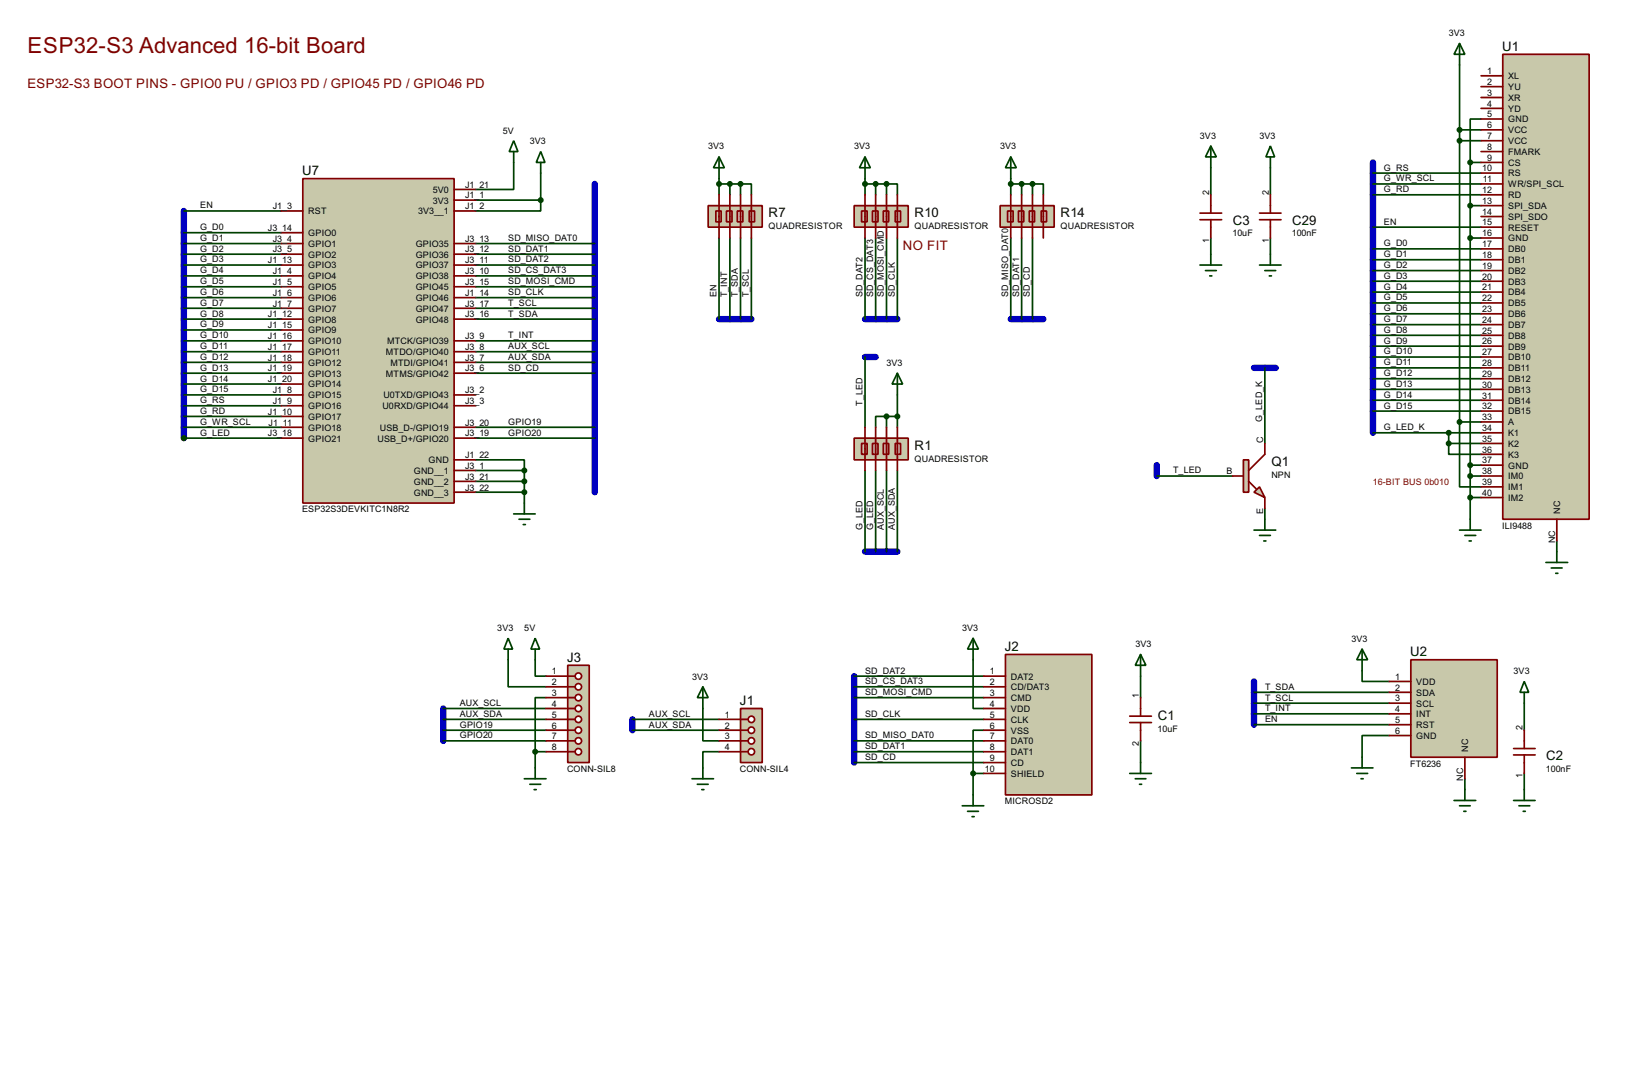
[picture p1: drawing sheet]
<svg xmlns="http://www.w3.org/2000/svg" width="383mm" height="256mm" viewBox="0 0 383 256" stroke-linecap="round" stroke-linejoin="round" font-family="sans-serif">
<g fill="none" stroke="#0000c0" stroke-width="1.5">
<path d="M322.6 38.2v63.5M43.2 49.6v53.3M139.8 43.2v72.4M169 75h7.6M203.3 75h7.6M237.5 75h7.7M203.3 83.9h2.5M294.7 86.4h5.1M271.8 109.3v2.5M203.3 129.6h7.6M200.7 158.8v20.3M104.2 166.4v7.6"/>
<path d="M148.6 169v2.5M294.7 160.1v10.1"/>
</g>
<g fill="none" stroke="#004000" stroke-width=".4">
<path d="M343 15.3v17.8h5M284.5 39.4v6.4M298.5 39.4v6.4M343 30.5h5M345.5 38.2v71.1h2.5M345.5 38.2h2.5M348 28h-2.5v10.2M43.2 49.6h22.9M284.5 55.9v3.8M298.5 55.9v3.8M322.6 53.4h25.4M322.6 43.2h25.4"/>
<path d="M322.6 40.7h25.4M322.6 45.8h25.4M322.6 58.5h25.4M345.5 55.9h2.5M345.5 48.3h2.5M43.2 62.3h22.9M43.2 64.8h22.9M43.2 67.4h22.9M43.2 69.9h22.9M43.2 72.4h22.9M43.2 75h22.9M43.2 77.5h22.9"/>
<path d="M322.6 61h25.4M322.6 63.6h25.4M322.6 66.1h25.4M322.6 68.6h25.4M322.6 71.2h25.4M322.6 73.7h25.4M322.6 76.3h25.4M322.6 78.8h25.4M43.2 80.1h22.9M43.2 82.6h22.9M43.2 85.1h22.9M43.2 87.7h22.9"/>
<path d="M43.2 90.2h22.9M43.2 92.8h22.9M43.2 95.3h22.9M297.2 86.4v17.8M322.6 81.3h25.4M322.6 83.9h25.4M322.6 86.4h25.4M322.6 89h25.4M322.6 91.5h25.4M322.6 94h25.4M322.6 96.6h25.4M297.2 119.4v2.6"/>
<path d="M322.6 101.7h25.4M340.4 104.2v2.5h7.6M340.4 104.2h7.6M340.4 101.7v2.5M365.8 127.1v2.5M268 158.8v5.1M320.1 157.5v2.6h6.3M148.6 171.5h20.4M148.6 169h20.4M165.2 166.4v7.6h3.8M169 176.6h-3.8v3.8M268 174v5.1"/>
<path d="M294.7 170.2h31.7M294.7 162.6h31.7M294.7 165.2h31.7M294.7 167.7h31.7M326.4 172.8h-6.3v5.1M344.2 182.9v2.6"/>
</g>
<circle cx="43.2" cy="102.9" r=".2" fill="#004000"/>
<g fill="none" stroke="#004000" stroke-width=".4">
<path d="M120.7 38.2v6.3h-8.9M343 33.1v66M43.2 54.7h22.9M43.2 57.2h22.9M43.2 59.7h22.9M111.8 47h15.3M111.8 57.2h28M111.8 59.7h28M127.1 47v2.6h-15.3M127.1 40.7v6.3M169 42v3.8M169 55.9v19.1"/>
<path d="M169 43.2h5M171.5 43.2v2.6M171.5 55.9v19.1M174 43.2h2.6v2.6M174 43.2v2.6M174 55.9v19.1M176.6 55.9v19.1M203.3 43.2h5M203.3 42v3.8M203.3 55.9v19.1M205.8 43.2v2.6M205.8 55.9v19.1"/>
<path d="M208.3 43.2h2.6v2.6M208.3 43.2v2.6M208.3 55.9v19.1M210.9 55.9v19.1M237.5 43.2h5.1M237.5 42v3.8M237.5 55.9v19.1M240.1 43.2v2.6M240.1 55.9v19.1M242.6 43.2h2.6v2.6M242.6 43.2v2.6M242.6 55.9v19.1"/>
<path d="M111.8 75h28M111.8 67.4h28M111.8 64.8h28M111.8 69.9h28M111.8 62.3h28M111.8 72.4h28M43.2 97.8h22.9M111.8 80.1h28M111.8 87.7h28M111.8 85.1h28M111.8 82.6h28M203.3 83.9v16.5"/>
<path d="M208.3 97.8h-2.5v2.6M208.3 97.8h2.6M208.3 97.8v2.6M210.9 92.8v7.6M343 99.1v15.3h5M343 99.1h5M43.2 102.9h22.9M43.2 100.4h22.9M111.8 108h11.4v2.5M111.8 102.9h28M111.8 100.4h28M111.8 110.5h11.4"/>
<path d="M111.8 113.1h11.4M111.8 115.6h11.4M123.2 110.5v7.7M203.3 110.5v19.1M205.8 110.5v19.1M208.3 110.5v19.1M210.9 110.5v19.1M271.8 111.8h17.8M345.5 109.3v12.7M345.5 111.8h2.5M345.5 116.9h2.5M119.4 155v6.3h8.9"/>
§ §
WHAT YOU WILL DO
Retype the listing above exactly. Pictures are not part of the copy.

YOUR RESPONSE
[picture p1: drawing sheet]
<svg xmlns="http://www.w3.org/2000/svg" width="383mm" height="256mm" viewBox="0 0 383 256" stroke-linecap="round" stroke-linejoin="round" font-family="sans-serif">
<g fill="none" stroke="#0000c0" stroke-width="1.5">
<path d="M322.6 38.2v63.5M43.2 49.6v53.3M139.8 43.2v72.4M169 75h7.6M203.3 75h7.6M237.5 75h7.7M203.3 83.9h2.5M294.7 86.4h5.1M271.8 109.3v2.5M203.3 129.6h7.6M200.7 158.8v20.3M104.2 166.4v7.6"/>
<path d="M148.6 169v2.5M294.7 160.1v10.1"/>
</g>
<g fill="none" stroke="#004000" stroke-width=".4">
<path d="M343 15.3v17.8h5M284.5 39.4v6.4M298.5 39.4v6.4M343 30.5h5M345.5 38.2v71.1h2.5M345.5 38.2h2.5M348 28h-2.5v10.2M43.2 49.6h22.9M284.5 55.9v3.8M298.5 55.9v3.8M322.6 53.4h25.4M322.6 43.2h25.4"/>
<path d="M322.6 40.7h25.4M322.6 45.8h25.4M322.6 58.5h25.4M345.5 55.9h2.5M345.5 48.3h2.5M43.2 62.3h22.9M43.2 64.8h22.9M43.2 67.4h22.9M43.2 69.9h22.9M43.2 72.4h22.9M43.2 75h22.9M43.2 77.5h22.9"/>
<path d="M322.6 61h25.4M322.6 63.6h25.4M322.6 66.1h25.4M322.6 68.6h25.4M322.6 71.2h25.4M322.6 73.7h25.4M322.6 76.3h25.4M322.6 78.8h25.4M43.2 80.1h22.9M43.2 82.6h22.9M43.2 85.1h22.9M43.2 87.7h22.9"/>
<path d="M43.2 90.2h22.9M43.2 92.8h22.9M43.2 95.3h22.9M297.2 86.4v17.8M322.6 81.3h25.4M322.6 83.9h25.4M322.6 86.4h25.4M322.6 89h25.4M322.6 91.5h25.4M322.6 94h25.4M322.6 96.6h25.4M297.2 119.4v2.6"/>
<path d="M322.6 101.7h25.4M340.4 104.2v2.5h7.6M340.4 104.2h7.6M340.4 101.7v2.5M365.8 127.1v2.5M268 158.8v5.1M320.1 157.5v2.6h6.3M148.6 171.5h20.4M148.6 169h20.4M165.2 166.4v7.6h3.8M169 176.6h-3.8v3.8M268 174v5.1"/>
<path d="M294.7 170.2h31.7M294.7 162.6h31.7M294.7 165.2h31.7M294.7 167.7h31.7M326.4 172.8h-6.3v5.1M344.2 182.9v2.6"/>
</g>
<circle cx="43.2" cy="102.9" r=".2" fill="#004000"/>
<g fill="none" stroke="#004000" stroke-width=".4">
<path d="M120.7 38.2v6.3h-8.9M343 33.1v66M43.2 54.7h22.9M43.2 57.2h22.9M43.2 59.7h22.9M111.8 47h15.3M111.8 57.2h28M111.8 59.7h28M127.1 47v2.6h-15.3M127.1 40.7v6.3M169 42v3.8M169 55.9v19.1"/>
<path d="M169 43.2h5M171.5 43.2v2.6M171.5 55.9v19.1M174 43.2h2.6v2.6M174 43.2v2.6M174 55.9v19.1M176.6 55.9v19.1M203.3 43.2h5M203.3 42v3.8M203.3 55.9v19.1M205.8 43.2v2.6M205.8 55.9v19.1"/>
<path d="M208.3 43.2h2.6v2.6M208.3 43.2v2.6M208.3 55.9v19.1M210.9 55.9v19.1M237.5 43.2h5.1M237.5 42v3.8M237.5 55.9v19.1M240.1 43.2v2.6M240.1 55.9v19.1M242.6 43.2h2.6v2.6M242.6 43.2v2.6M242.6 55.9v19.1"/>
<path d="M111.8 75h28M111.8 67.4h28M111.8 64.8h28M111.8 69.9h28M111.8 62.3h28M111.8 72.4h28M43.2 97.8h22.9M111.8 80.1h28M111.8 87.7h28M111.8 85.1h28M111.8 82.6h28M203.3 83.9v16.5"/>
<path d="M208.3 97.8h-2.5v2.6M208.3 97.8h2.6M208.3 97.8v2.6M210.9 92.8v7.6M343 99.1v15.3h5M343 99.1h5M43.2 102.9h22.9M43.2 100.4h22.9M111.8 108h11.4v2.5M111.8 102.9h28M111.8 100.4h28M111.8 110.5h11.4"/>
<path d="M111.8 113.1h11.4M111.8 115.6h11.4M123.2 110.5v7.7M203.3 110.5v19.1M205.8 110.5v19.1M208.3 110.5v19.1M210.9 110.5v19.1M271.8 111.8h17.8M345.5 109.3v12.7M345.5 111.8h2.5M345.5 116.9h2.5M119.4 155v6.3h8.9"/>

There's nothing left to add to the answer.